A synthesizable ram bist circuit for applying an O(n log/sub 2/ n) test that detects scrambled static pattern-sensitive faults

Abstract

In this paper we describe improvements and extensions to the BIST RAM scheme described earlier by Cockburn and Sat. The first improvement is the use of maximum transition counters, instead of binary counters or linear feedback shift registers, to generate the addresses that are used in the self-test. This change increases the ability of the tests to detect delay faults in the peripheral circuitry. The second improvement is the extension of the original scheme to use a new O(n log/sub 2/ n) test for detecting scrambled static pattern sensitive faults.

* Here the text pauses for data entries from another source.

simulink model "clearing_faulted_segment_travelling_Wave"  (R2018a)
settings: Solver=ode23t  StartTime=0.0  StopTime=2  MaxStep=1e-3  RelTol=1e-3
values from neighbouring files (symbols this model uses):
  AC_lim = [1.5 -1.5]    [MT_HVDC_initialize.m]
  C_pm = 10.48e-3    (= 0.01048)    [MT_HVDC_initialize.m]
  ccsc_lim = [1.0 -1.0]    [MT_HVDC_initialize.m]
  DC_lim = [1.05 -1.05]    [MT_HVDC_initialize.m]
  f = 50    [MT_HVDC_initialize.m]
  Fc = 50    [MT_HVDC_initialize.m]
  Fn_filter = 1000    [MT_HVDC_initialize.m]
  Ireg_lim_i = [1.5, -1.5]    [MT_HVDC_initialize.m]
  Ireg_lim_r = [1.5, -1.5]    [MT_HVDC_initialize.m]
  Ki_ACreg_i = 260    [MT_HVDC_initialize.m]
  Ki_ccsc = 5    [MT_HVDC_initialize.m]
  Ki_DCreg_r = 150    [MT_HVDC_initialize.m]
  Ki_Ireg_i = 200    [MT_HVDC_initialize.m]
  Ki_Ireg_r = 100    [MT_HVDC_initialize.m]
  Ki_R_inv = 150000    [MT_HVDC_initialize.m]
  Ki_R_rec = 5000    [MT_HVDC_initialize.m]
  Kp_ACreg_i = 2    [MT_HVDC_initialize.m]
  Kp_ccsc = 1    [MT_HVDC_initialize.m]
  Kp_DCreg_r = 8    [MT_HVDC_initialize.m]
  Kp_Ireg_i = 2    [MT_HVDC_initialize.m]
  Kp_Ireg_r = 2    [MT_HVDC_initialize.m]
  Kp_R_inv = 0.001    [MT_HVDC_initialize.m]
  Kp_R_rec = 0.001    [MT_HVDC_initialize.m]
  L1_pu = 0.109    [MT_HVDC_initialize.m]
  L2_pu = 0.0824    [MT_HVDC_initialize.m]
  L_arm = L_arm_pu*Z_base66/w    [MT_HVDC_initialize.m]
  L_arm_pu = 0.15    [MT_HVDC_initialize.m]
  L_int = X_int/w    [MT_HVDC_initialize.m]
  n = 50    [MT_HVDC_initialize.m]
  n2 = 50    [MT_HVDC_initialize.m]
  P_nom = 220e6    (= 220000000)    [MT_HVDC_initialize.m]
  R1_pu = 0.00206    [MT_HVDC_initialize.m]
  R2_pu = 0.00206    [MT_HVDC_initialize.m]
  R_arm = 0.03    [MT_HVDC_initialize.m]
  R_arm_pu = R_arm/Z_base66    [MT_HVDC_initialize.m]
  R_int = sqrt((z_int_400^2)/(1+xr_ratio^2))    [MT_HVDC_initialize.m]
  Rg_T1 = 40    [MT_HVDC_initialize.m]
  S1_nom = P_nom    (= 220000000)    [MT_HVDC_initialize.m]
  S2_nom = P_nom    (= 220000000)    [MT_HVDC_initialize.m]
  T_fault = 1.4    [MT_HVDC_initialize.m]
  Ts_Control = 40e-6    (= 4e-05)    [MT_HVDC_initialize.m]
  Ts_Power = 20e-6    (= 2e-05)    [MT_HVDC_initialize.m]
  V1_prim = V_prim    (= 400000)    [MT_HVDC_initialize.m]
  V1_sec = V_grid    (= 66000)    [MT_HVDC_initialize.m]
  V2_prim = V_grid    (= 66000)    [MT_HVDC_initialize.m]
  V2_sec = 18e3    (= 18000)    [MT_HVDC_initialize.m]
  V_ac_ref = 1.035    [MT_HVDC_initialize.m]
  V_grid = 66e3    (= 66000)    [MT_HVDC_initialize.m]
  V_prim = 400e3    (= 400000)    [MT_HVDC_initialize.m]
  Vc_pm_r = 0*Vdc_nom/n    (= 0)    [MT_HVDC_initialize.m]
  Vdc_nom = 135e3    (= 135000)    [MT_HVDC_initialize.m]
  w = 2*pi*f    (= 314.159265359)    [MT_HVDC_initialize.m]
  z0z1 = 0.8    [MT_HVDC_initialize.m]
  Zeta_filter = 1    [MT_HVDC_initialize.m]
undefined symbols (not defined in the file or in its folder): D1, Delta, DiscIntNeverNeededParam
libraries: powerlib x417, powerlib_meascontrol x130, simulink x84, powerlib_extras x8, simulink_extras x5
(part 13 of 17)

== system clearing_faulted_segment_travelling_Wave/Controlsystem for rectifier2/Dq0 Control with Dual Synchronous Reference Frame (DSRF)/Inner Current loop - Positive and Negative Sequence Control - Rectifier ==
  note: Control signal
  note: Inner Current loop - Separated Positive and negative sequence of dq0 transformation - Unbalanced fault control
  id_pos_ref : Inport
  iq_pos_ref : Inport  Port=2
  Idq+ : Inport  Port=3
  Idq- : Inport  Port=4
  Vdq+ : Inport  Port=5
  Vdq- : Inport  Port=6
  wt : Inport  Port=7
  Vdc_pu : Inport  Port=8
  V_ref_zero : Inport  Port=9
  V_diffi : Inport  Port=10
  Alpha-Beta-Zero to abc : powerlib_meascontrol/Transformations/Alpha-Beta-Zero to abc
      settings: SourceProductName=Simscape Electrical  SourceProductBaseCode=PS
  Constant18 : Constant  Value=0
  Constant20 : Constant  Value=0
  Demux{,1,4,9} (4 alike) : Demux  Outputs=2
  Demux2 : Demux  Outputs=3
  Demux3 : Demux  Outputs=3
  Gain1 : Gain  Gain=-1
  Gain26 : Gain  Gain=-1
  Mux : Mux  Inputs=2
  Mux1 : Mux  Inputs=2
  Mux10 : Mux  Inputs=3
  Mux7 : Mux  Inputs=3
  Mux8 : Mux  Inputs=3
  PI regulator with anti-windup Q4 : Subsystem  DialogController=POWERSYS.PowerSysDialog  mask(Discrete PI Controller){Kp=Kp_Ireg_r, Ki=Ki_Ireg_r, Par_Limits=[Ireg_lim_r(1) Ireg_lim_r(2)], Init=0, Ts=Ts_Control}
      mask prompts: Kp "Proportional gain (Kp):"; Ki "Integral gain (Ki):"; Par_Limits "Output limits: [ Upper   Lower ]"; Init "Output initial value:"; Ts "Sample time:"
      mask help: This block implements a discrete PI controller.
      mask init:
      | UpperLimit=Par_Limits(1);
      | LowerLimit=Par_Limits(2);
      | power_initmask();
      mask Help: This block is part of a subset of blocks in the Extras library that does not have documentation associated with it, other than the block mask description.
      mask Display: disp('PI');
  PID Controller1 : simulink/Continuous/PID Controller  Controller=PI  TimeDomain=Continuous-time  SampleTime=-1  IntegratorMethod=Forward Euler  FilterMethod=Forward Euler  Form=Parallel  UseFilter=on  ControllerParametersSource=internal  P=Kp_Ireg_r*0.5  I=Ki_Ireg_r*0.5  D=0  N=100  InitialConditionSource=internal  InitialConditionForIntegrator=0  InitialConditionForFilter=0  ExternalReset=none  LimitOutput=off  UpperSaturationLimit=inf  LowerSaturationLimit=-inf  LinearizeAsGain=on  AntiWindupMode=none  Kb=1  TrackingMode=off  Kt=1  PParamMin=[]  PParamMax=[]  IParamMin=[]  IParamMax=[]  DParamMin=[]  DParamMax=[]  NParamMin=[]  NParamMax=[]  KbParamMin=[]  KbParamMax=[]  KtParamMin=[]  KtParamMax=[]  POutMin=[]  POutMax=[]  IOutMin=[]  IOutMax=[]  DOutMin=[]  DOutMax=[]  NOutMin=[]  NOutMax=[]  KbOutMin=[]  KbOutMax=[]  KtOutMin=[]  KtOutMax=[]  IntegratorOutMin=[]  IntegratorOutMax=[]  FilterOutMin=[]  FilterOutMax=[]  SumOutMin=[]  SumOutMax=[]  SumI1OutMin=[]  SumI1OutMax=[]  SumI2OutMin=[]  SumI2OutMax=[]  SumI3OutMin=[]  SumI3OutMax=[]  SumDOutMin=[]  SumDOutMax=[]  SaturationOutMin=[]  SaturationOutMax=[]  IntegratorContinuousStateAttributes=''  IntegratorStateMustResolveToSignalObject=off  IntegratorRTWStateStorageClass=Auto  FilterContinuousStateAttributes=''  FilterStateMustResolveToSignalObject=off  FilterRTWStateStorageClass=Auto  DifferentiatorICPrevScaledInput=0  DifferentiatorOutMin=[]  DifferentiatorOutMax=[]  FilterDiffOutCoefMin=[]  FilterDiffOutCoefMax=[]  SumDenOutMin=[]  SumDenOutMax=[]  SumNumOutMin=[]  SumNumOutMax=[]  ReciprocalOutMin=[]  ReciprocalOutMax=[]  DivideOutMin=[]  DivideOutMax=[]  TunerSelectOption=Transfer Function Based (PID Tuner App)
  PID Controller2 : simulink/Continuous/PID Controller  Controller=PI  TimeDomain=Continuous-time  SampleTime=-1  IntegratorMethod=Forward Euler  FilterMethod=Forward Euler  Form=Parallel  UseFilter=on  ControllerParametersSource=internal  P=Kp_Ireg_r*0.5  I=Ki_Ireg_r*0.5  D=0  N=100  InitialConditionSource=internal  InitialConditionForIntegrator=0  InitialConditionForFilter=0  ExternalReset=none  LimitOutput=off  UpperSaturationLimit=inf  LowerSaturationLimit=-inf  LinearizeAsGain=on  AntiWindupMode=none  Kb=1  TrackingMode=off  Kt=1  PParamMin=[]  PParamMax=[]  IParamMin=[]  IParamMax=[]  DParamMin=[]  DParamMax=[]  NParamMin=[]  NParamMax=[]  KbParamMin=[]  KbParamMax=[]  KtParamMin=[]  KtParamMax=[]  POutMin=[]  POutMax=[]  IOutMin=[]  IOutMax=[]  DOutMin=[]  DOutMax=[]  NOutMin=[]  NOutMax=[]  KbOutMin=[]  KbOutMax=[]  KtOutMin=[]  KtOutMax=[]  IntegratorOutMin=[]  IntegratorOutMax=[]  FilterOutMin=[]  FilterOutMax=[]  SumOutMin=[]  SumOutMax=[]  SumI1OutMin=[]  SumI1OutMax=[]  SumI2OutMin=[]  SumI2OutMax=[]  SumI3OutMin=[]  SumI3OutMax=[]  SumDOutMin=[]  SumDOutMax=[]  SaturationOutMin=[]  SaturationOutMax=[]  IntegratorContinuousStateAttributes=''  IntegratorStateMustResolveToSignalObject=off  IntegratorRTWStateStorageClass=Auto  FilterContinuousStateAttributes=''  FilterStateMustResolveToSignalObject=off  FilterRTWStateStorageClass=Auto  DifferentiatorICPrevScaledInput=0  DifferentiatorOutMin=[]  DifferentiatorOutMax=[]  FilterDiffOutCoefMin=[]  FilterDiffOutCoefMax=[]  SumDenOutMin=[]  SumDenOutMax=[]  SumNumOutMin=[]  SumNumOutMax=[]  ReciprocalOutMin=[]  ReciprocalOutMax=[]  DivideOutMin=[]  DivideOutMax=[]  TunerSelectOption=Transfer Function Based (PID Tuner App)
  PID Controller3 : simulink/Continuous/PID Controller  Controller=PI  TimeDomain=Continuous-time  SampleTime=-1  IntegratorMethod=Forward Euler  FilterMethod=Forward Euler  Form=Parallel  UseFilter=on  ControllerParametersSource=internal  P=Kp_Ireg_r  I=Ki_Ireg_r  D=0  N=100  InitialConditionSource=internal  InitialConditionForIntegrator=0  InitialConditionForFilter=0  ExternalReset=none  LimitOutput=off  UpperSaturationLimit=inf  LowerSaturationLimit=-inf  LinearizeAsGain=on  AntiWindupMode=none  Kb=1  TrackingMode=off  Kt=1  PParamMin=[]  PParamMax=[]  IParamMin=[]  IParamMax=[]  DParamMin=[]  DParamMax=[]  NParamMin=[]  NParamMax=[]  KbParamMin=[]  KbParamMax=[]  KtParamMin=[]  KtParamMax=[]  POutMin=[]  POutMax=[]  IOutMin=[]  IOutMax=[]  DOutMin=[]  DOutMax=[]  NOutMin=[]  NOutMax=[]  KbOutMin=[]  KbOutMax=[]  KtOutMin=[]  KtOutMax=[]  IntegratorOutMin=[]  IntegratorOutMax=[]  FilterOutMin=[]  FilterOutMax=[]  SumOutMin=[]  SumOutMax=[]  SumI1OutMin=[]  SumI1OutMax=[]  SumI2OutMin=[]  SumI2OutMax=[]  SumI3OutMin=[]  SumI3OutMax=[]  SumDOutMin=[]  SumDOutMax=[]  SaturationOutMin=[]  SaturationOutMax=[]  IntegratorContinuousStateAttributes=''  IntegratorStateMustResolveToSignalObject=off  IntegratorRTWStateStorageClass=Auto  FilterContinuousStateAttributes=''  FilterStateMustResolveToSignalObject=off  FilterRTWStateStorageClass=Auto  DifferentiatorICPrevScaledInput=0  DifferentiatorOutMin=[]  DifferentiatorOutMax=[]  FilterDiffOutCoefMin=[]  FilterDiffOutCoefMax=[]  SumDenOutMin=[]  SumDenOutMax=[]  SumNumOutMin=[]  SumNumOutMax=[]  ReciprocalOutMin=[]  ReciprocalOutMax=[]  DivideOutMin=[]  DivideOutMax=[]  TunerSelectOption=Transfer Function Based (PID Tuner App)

The O(n log/sub 2/ n) test is similar to a test described by Franklin and Saluja; however, the new test is approximately 20% shorter. In addition, the new test is transparent; that is, the contents of a fault-free memory are restored by the time the self-test has terminated. The RAM BIST circuit for the new scheme was specified and verified using VHSIC Hardware Description Language (VHDL). Instances of the BIST circuit can be synthesized automatically for any arbitrary RAM size using commercial logic synthesis tools. As with the scheme described by Cockburn and Sat, the hardware area overhead of the new scheme is below 1% for 4 Mb RAMs and this figure drops rapidly for larger RAM sizes.